Cliff responded, “They want to do an EVA to release the shroud.”
Next to the sleeping quarters was a ready room for the controllers to observe TV mission status and listen to the other controllers and crew communications while relaxing before or after a shift. The lounge is on a floor midway between the two control room floors and I took the stairs two at a time in my haste to get there.
When I opened the door, the ready room was loaded. Present was an array of NASA’s top leadership: George Mueller, NASA associate administrator; Chuck Mathews, program manager; Robert Gilruth, center director; as well as Kraft, Slayton, Dr. Charles Berry, and assorted astronauts. Glynn Lunney, the only flight controller present, looked up as I entered, rolled his eyes, and silently raised his hands in exasperation. Standing up, he walked over and said, “They’re talking about doing an EVA to release the shroud.”
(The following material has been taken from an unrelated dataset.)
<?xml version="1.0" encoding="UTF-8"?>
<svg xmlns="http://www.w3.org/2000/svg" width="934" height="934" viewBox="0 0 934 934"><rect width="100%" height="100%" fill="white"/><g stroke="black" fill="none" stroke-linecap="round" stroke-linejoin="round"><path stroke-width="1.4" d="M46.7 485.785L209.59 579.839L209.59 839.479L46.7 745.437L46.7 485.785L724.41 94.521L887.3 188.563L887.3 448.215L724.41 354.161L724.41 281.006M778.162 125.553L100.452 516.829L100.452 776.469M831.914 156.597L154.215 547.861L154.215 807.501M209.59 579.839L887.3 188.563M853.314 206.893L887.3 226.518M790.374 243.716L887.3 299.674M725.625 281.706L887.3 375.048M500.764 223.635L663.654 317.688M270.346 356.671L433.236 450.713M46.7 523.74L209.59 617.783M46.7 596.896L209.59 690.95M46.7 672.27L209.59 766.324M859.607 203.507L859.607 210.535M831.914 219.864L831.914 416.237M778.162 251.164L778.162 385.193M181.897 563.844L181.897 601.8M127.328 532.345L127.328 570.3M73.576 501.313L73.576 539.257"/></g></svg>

I was livid. The last word I had left was that in no case would we plan to try to release the shroud. Kraft saw my expression, walked over, and said, “Dammit, control yourself and settle down. No decision has been made yet.” As I watched, I concluded that astronaut Buzz Aldrin was the principal proponent of the gamble, since he was animatedly discussing possible procedures to release the band. William Schneider, the G
emini 9 headquarters mission director, motioned me to the corner, briefed me on the discussion, then asked me for my opinion. My response was tart: “Bill, there is little to gain, the risk is high, and I don’t want to compromise the planned objectives. This is nothing I will support.” Kraft, standing, was studying me, wondering what else I was going to say when my turn came.
I had been expecting some wild scheme since we first learned of the shroud problem. While politics was not my long suit, I knew enough to address my comments to the real players, Mueller, Mathews, and Gilruth. They seemed to be the swing votes. I could not yet figure out who was for the EVA besides Aldrin.
It was obvious that the top brass knew little about the shroud mechanism, so for about ten minutes I briefed them on the details. Then I talked about what the ATDA EVA would require Stafford to do—station-keeping with the ATDA while Cernan, free-floating on the umbilical with no handholds or footholds, tried to cut the band or pull the safing pin. Summarizing my argument, I said, “There is a lot of stored energy in the ATDA shroud mechanism. It is cocked and ready to fire and I don’t see any way to safely get it loose. When it separates I don’t want an astronaut or even the spacecraft in the vicinity. This is only our second EVA and it is already sporty enough. When we return to the target tomorrow morning, we will have completed our primary rendezvous objectives. The planned EVA is long and complex and Cernan should do the one he trained for. When we get this done, we will have done damned well on this mission.”